Nothing done about Halifax, who, I hear, is gone to Horton.

MR. RIGBY TO THE DUKE OF BEdford.

My dear Lord,

Leicester Fields, July 2. 1757.

Having despatched my Irish business in the other packet, there remains very little of intelligence to send your Grace from here. The

news I wrote you from Devonshire House you will 1757. see an account of published in to-night's Gazette, and it will be Michel's own account. I have seen it this morning, and very bad indeed it is; but there is a circumstance in it more than will be published, which is, that the Austrians made a sally upon the the rear of Marshal Keith's corps, and cut off a good number of men. This bad news, I hear, has stunned the new administration not a little; and had it arrived four or five days sooner, I verily believe they would not have accepted.
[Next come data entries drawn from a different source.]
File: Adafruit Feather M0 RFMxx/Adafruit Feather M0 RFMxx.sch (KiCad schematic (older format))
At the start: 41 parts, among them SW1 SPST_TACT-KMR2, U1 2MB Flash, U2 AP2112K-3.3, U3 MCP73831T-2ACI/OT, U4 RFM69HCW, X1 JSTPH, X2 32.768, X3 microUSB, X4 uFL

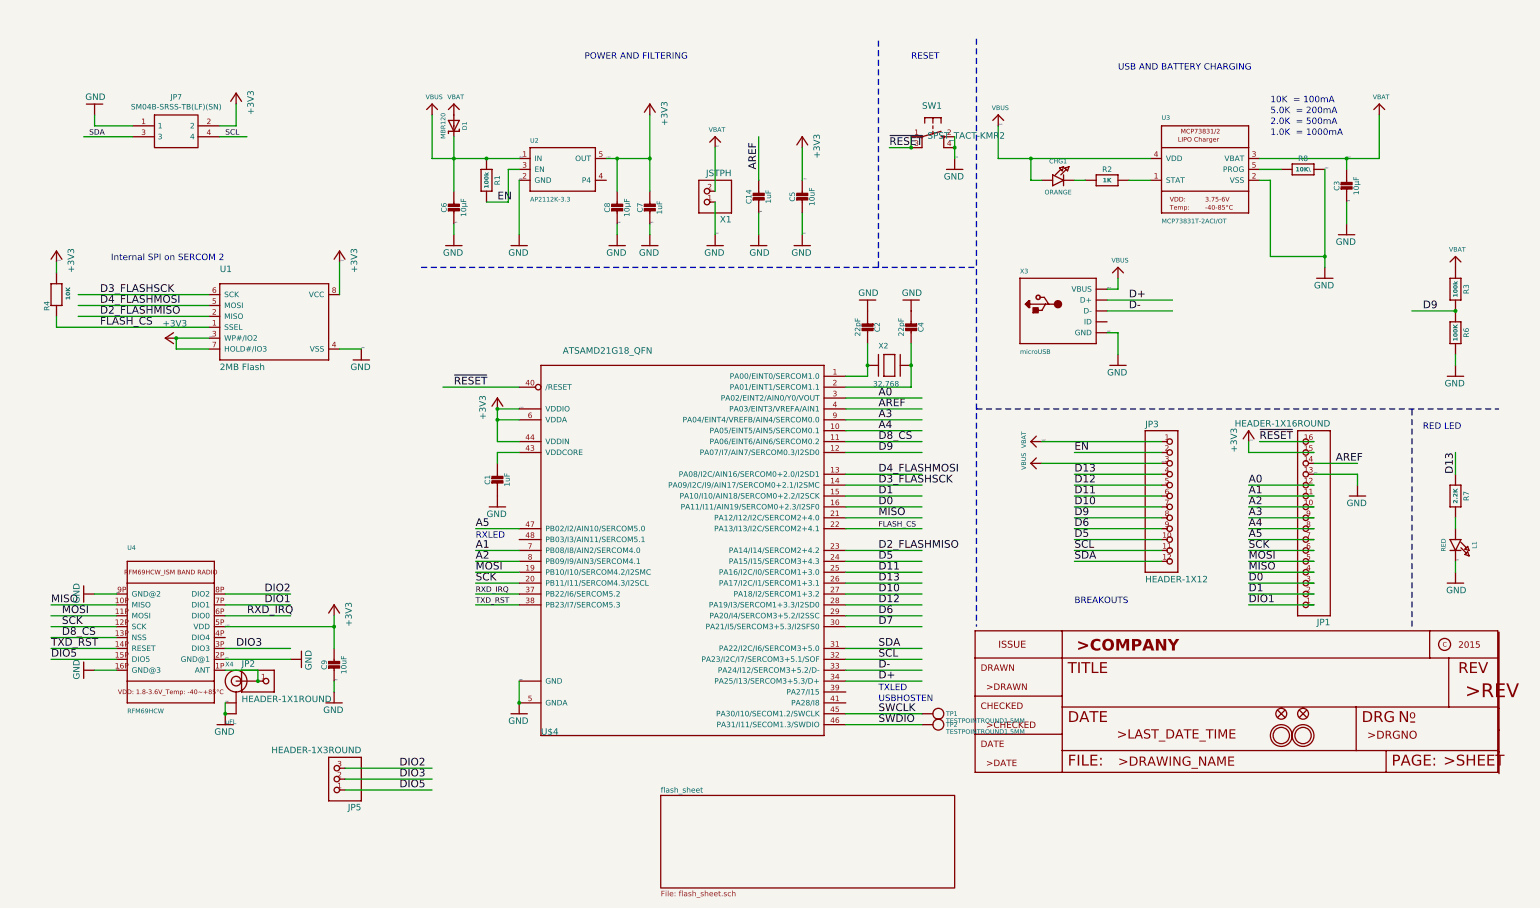
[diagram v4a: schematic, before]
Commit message: Parts mostly added. Need to confirm footprints. Before eliminating RFM parts.
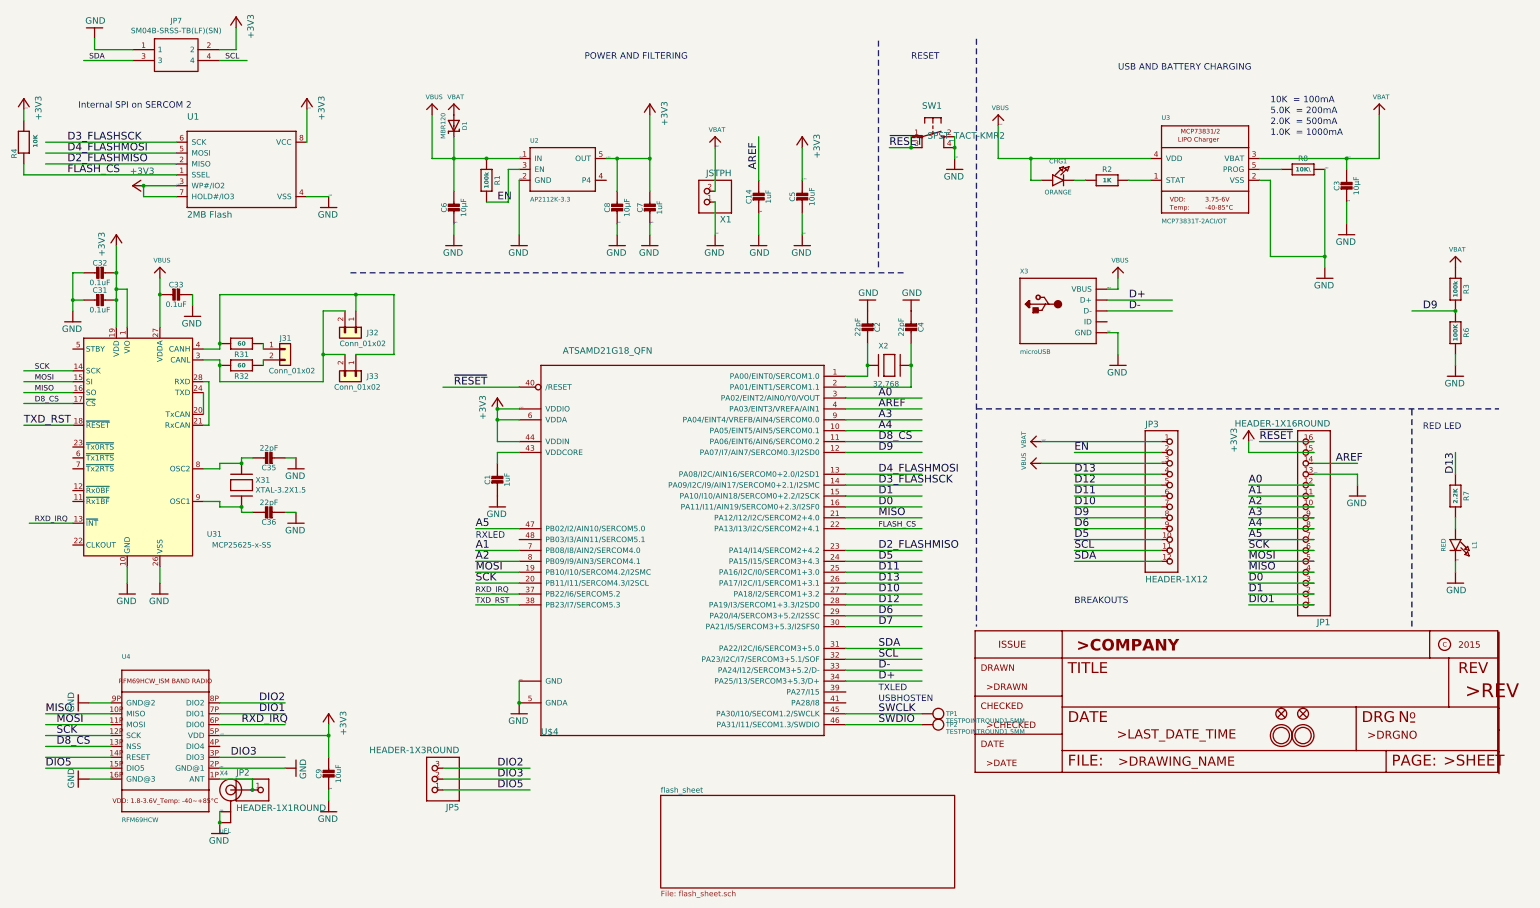
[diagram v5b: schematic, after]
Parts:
- added C31, C32, C33: 0.1uF, Adafruit Feather M0 RFMxx:0603-NO, symbol Adafruit_Feather_M0_RFMxx-eagle-import:CAP_CERAMIC0603_NO
- added C35, C36: 22pF, Adafruit Feather M0 RFMxx:0603-NO, symbol Adafruit_Feather_M0_RFMxx-eagle-import:CAP_CERAMIC0603_NO
- added J31: Conn_01x02, Socket_Strips:Socket_Strip_Straight_1x02_Pitch2.54mm, symbol Connector_Generic:Conn_01x02
- added J32, J33: Conn_01x02, Pin_Headers:Pin_Header_Straight_1x02_Pitch2.54mm, symbol Connector_Generic:Conn_01x02
- added R31, R32: 60, Adafruit Feather M0 RFMxx:0603-NO, symbol Adafruit_Feather_M0_RFMxx-eagle-import:RESISTOR_0603_NOOUT
- added U31: MCP25625-x-SS, Housings_SSOP:SSOP-28_5.3x10.2mm_Pitch0.65mm, symbol Interface_CAN_LIN:MCP25625-x-SS
- added X31: XTAL-3.2X1.5, Adafruit Feather M0 RFMxx:XTAL3215, symbol Adafruit_Feather_M0_RFMxx-eagle-import:XTAL-3.2X1.5
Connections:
- wire segments 175 -> 230
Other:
- moved on the sheet: C9, JP2, JP5, JP7, R4, U1, U4, X4

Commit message: Eliminated RFM and associated parts. Started to place and route. Must still confirm footprints.
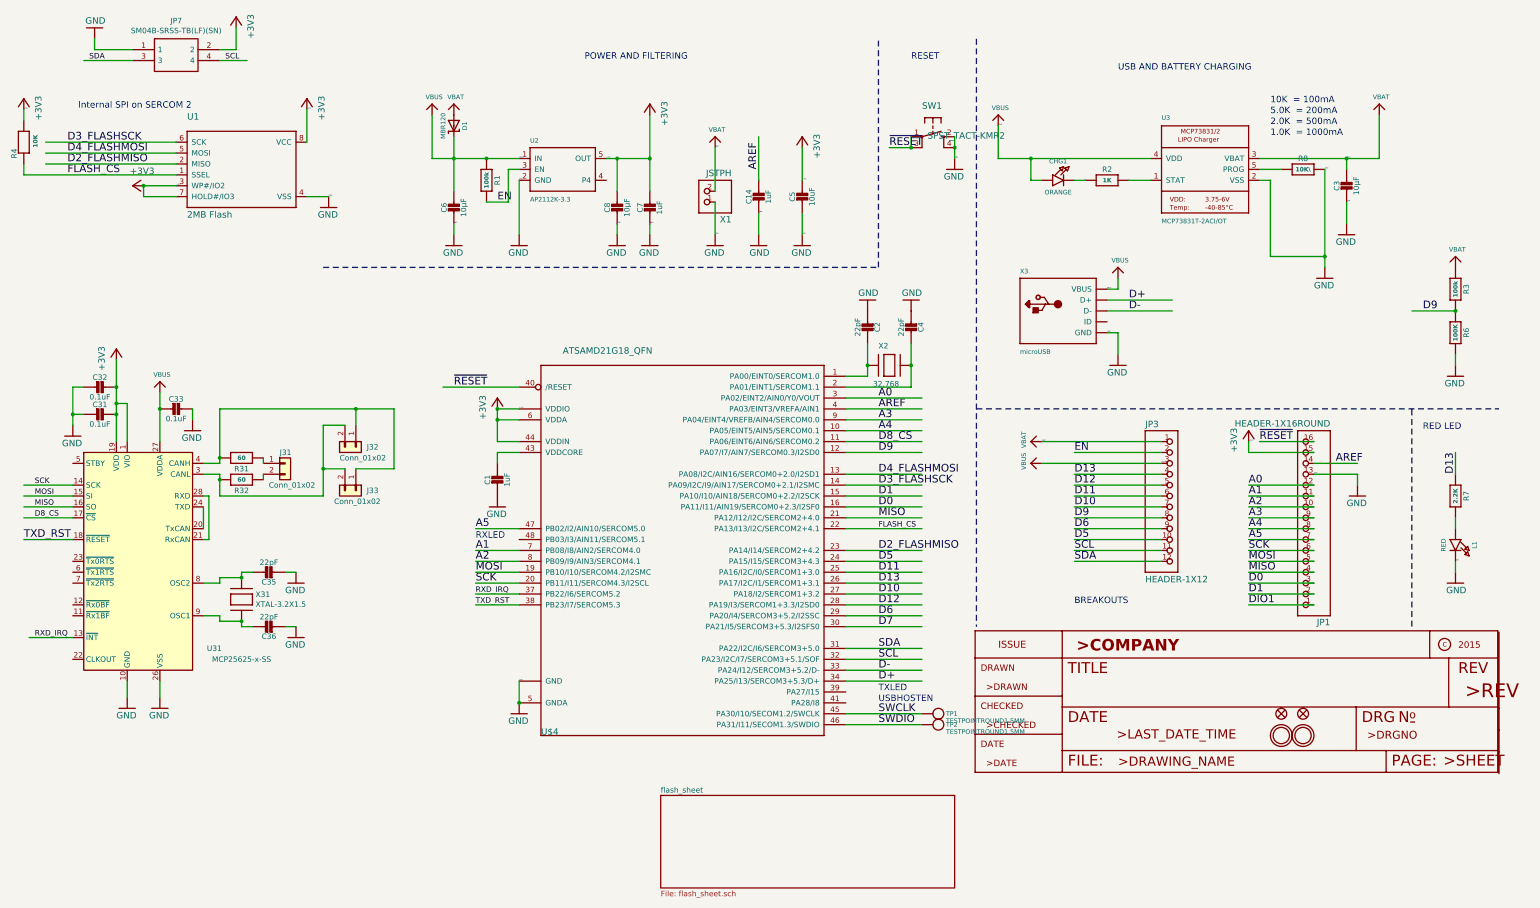
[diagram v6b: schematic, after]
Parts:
- removed C9: 10uF, Adafruit Feather M0 RFMxx:0805-NO, symbol Adafruit_Feather_M0_RFMxx-eagle-import:CAP_CERAMIC0805-NOOUTLINE
- removed JP2: HEADER-1X1ROUND, Adafruit Feather M0 RFMxx:1X01_ROUND, symbol Adafruit_Feather_M0_RFMxx-eagle-import:HEADER-1X1ROUND
- removed JP5: HEADER-1X3ROUND, Adafruit Feather M0 RFMxx:1X03_ROUND, symbol Adafruit_Feather_M0_RFMxx-eagle-import:HEADER-1X3ROUND
- removed U4: RFM69HCW, Adafruit Feather M0 RFMxx:RFMHCW_SMT, symbol Adafruit_Feather_M0_RFMxx-eagle-import:RFM69HCW_SMT
- removed X4: uFL, Adafruit Feather M0 RFMxx:U.FL, symbol Adafruit_Feather_M0_RFMxx-eagle-import:ANTENNA_U.FL
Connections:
- net labels removed: DIO2, DIO3, DIO5
- wire segments 230 -> 207
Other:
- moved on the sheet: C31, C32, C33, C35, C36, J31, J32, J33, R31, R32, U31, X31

What I wrote your Grace from the Duke of Newcastle about Jennison's pension I had yesterday from good authority was altered, and they intend to provide for him in some other shape.

Fox's election at Windsor is very doubtful. There is a Jacobite subscription of 5000l. raised against him, with Sir James Dashwood's name at the head of it. The Beauclerck interest has joined it, and I am in the greatest fear for him; at all events it must cost him a vast deal of money.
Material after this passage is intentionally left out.